Questions we may be prompted to ask when this card appears include

  • where are you being called to show courage?
  • What fear prevents you from acting? What internal part is it protecting?
  • What parts have been subdued into exile which may be better understood and integrated with a compassionate approach?
  • How do your protector parts tend to react when exiled parts are threatened?
  • Are you struggling with a challenge that may be overcome with understanding rather than force?

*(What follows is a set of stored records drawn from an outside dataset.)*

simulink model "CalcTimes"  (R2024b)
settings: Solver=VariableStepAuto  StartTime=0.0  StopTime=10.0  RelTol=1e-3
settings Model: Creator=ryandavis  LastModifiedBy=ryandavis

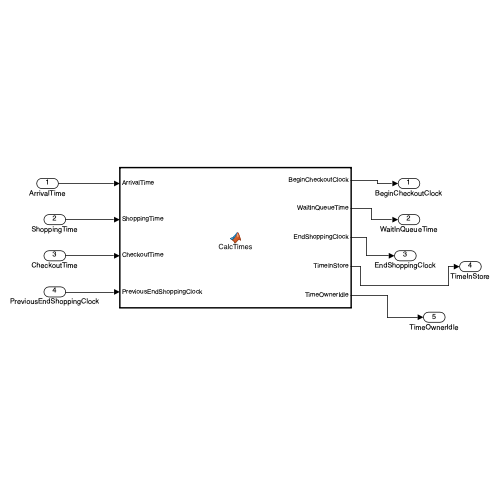
[thumbnail: Simulink's stored preview of the top-level diagram]
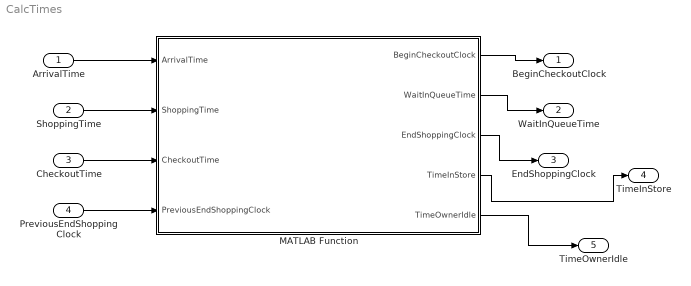
== system CalcTimes ==
  ArrivalTime : Inport
  ShoppingTime : Inport  Port=2
  CheckoutTime : Inport  Port=3
  PreviousEndShoppingClock : Inport  Port=4
  MATLAB Function : MATLAB Function  TreatAsAtomicUnit=on
  BeginCheckoutClock : Outport
  WaitInQueueTime : Outport  Port=2
  EndShoppingClock : Outport  Port=3
  TimeInStore : Outport  Port=4
  TimeOwnerIdle : Outport  Port=5
  wires:
  CheckoutTime/1 -> MATLAB Function/3(CheckoutTime)
  ShoppingTime/1 -> MATLAB Function/2(ShoppingTime)
  ArrivalTime/1 -> MATLAB Function/1(ArrivalTime)
  PreviousEndShoppingClock/1 -> MATLAB Function/4(PreviousEndShoppingClock)
  MATLAB Function/1(BeginCheckoutClock) -> BeginCheckoutClock/1
  MATLAB Function/2(WaitInQueueTime) -> WaitInQueueTime/1
  MATLAB Function/3(EndShoppingClock) -> EndShoppingClock/1
  MATLAB Function/4(TimeInStore) -> TimeInStore/1
  MATLAB Function/5(TimeOwnerIdle) -> TimeOwnerIdle/1

== matlab function CalcTimes/MATLAB Function ==
  data: ArrivalTime input; BeginCheckoutClock output; ShoppingTime input; CheckoutTime input; PreviousEndShoppingClock input; WaitInQueueTime output; EndShoppingClock output; TimeInStore output; TimeOwnerIdle output
function [BeginCheckoutClock, WaitInQueueTime, EndShoppingClock, TimeInStore, TimeOwnerIdle] = CalcTimes(ArrivalTime, ShoppingTime, CheckoutTime, PreviousEndShoppingClock)
    BeginCheckoutClock = ArrivalTime + ShoppingTime;
    
    WaitInQueueTime = max(0, PreviousEndShoppingClock - BeginCheckoutClock);
    
    EndShoppingClock = BeginCheckoutClock + WaitInQueueTime + CheckoutTime;
    
    TimeInStore = EndShoppingClock - ArrivalTime;
    
    TimeOwnerIdle = max(0, BeginCheckoutClock - PreviousEndShoppingClock);
end
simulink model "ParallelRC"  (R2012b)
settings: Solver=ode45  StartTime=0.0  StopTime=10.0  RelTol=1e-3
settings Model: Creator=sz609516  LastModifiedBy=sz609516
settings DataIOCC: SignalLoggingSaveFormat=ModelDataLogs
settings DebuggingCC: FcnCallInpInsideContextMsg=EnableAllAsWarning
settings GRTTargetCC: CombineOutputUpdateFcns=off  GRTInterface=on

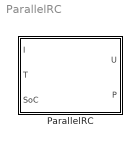
== system ParallelRC ==
  ParallelRC : Subsystem

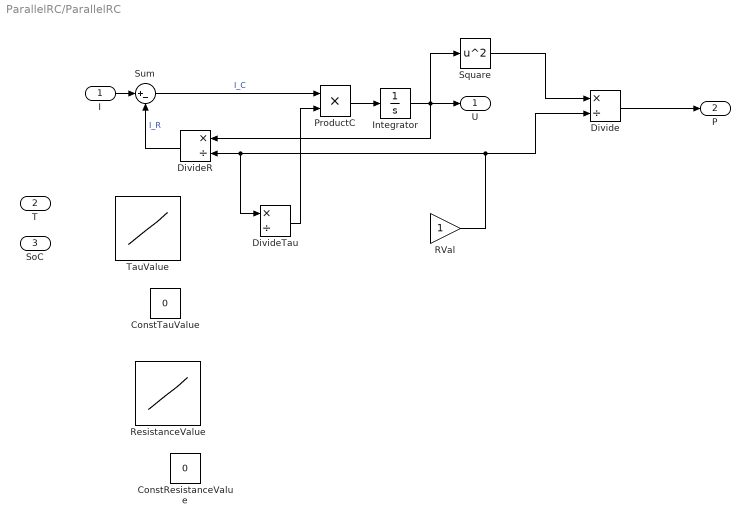
== system ParallelRC/ParallelRC ==
  I : Inport
  T : Inport  Port=2
  SoC : Inport  Port=3
  ConstResistanceValue : Constant  Value=0
  ConstTauValue : Constant  Value=0
  Divide : Product  Inputs=*/
  DivideR : Product  Inputs=*/
  DivideTau : Product  Inputs=*/
  Integrator : Integrator
  ProductC : Product  RndMeth=Zero
  RVal : Gain
  ResistanceValue : Lookup_n-D  Table=[1,2,3;4,5,6;7,8,9]  ExtrapMethod=Clip  RndMeth=Simplest  InputSameDT=on
  Square : Math  Operator=square  SaturateOnIntegerOverflow=on
  Sum : Sum  Inputs=|+-
  TauValue : Lookup_n-D  Table=[1,2,3;4,5,6;7,8,9]  ExtrapMethod=Clip  RndMeth=Simplest  InputSameDT=on
  U : Outport
  P : Outport  Port=2
  wires:
  I/1 -> Sum/1
  DivideR/1 -> Sum/2  "I_R"
  Sum/1 -> ProductC/1  "I_C"
  Square/1 -> Divide/1
  Divide/1 -> P/1
  ProductC/1 -> Integrator/1
  Integrator/1 -> Square/1, DivideR/1, U/1
  RVal/1 -> Divide/2, DivideR/2, DivideTau/1
  DivideTau/1 -> ProductC/2

What else? The archetypes of the majors are complex and you may have other insights. How has this card come up for you? What are some examples of this card’s energies?

The Chariot

control your impulses and thus your direction

from Arcana Full Tarot Playing Cards, by Dead on Paper

If we divide the majors (sans Fool) into three lines of seven, The Chariot ends the first line, which revolves around our egoic identifications. It’s also, interestingly, the first card that isn’t represented by a persona, but a concept or thing. It’s The Chariot, not The Charioteer. The Chariot holds the driver (or ego) protectively in the vehicle as he maneuvers through the transformation from line 1 to line 2. We’re in alignment, driving toward our goal; the lessons learned thus far have provided us with the ability to navigate through challenge. So, here we have drive, but the need to control is a huge part of staying on course. While the black & white sphinxes (in the Waite-Smith deck) represent the conscious and unconscious (or opposing forces of the psyche) to be balanced or controlled, the charioteer must cast off the protective shell of the chariot, which the ego uses to remain safe, and progress into line 2 where true strength controls without force.

(-) In resistance, we’re unable to control the opposing forces of our will, resulting in inner conflict. Do we lack direction? How is our self control?

(+) In excess, we see a strong ego that demands to be in control — or believes itself to be in control when, in fact, the horses are bolting in either direction. This force of will may be all bravado, or going off the rails. It may also indicate a compulsive drive to achieve, perhaps becoming the overachiever. Was there earlier conditioning that love comes only through achievement?

Questions that may be prompted when this card comes up include

  • Where do you feel the need to be in control?
  • What internal parts take control, and when?
  • What are you struggling to control?
  • How does your persona protect you?
  • Where are you driving? In which direction are you going? Are all of your parts on board?
  • What is distracting you?
  • Do you feel a compulsive need to achieve / to prove yourself?

What else? The archetypes of the majors are complex and you may have other insights. How has this card come up for you? What are some examples of this card’s energies?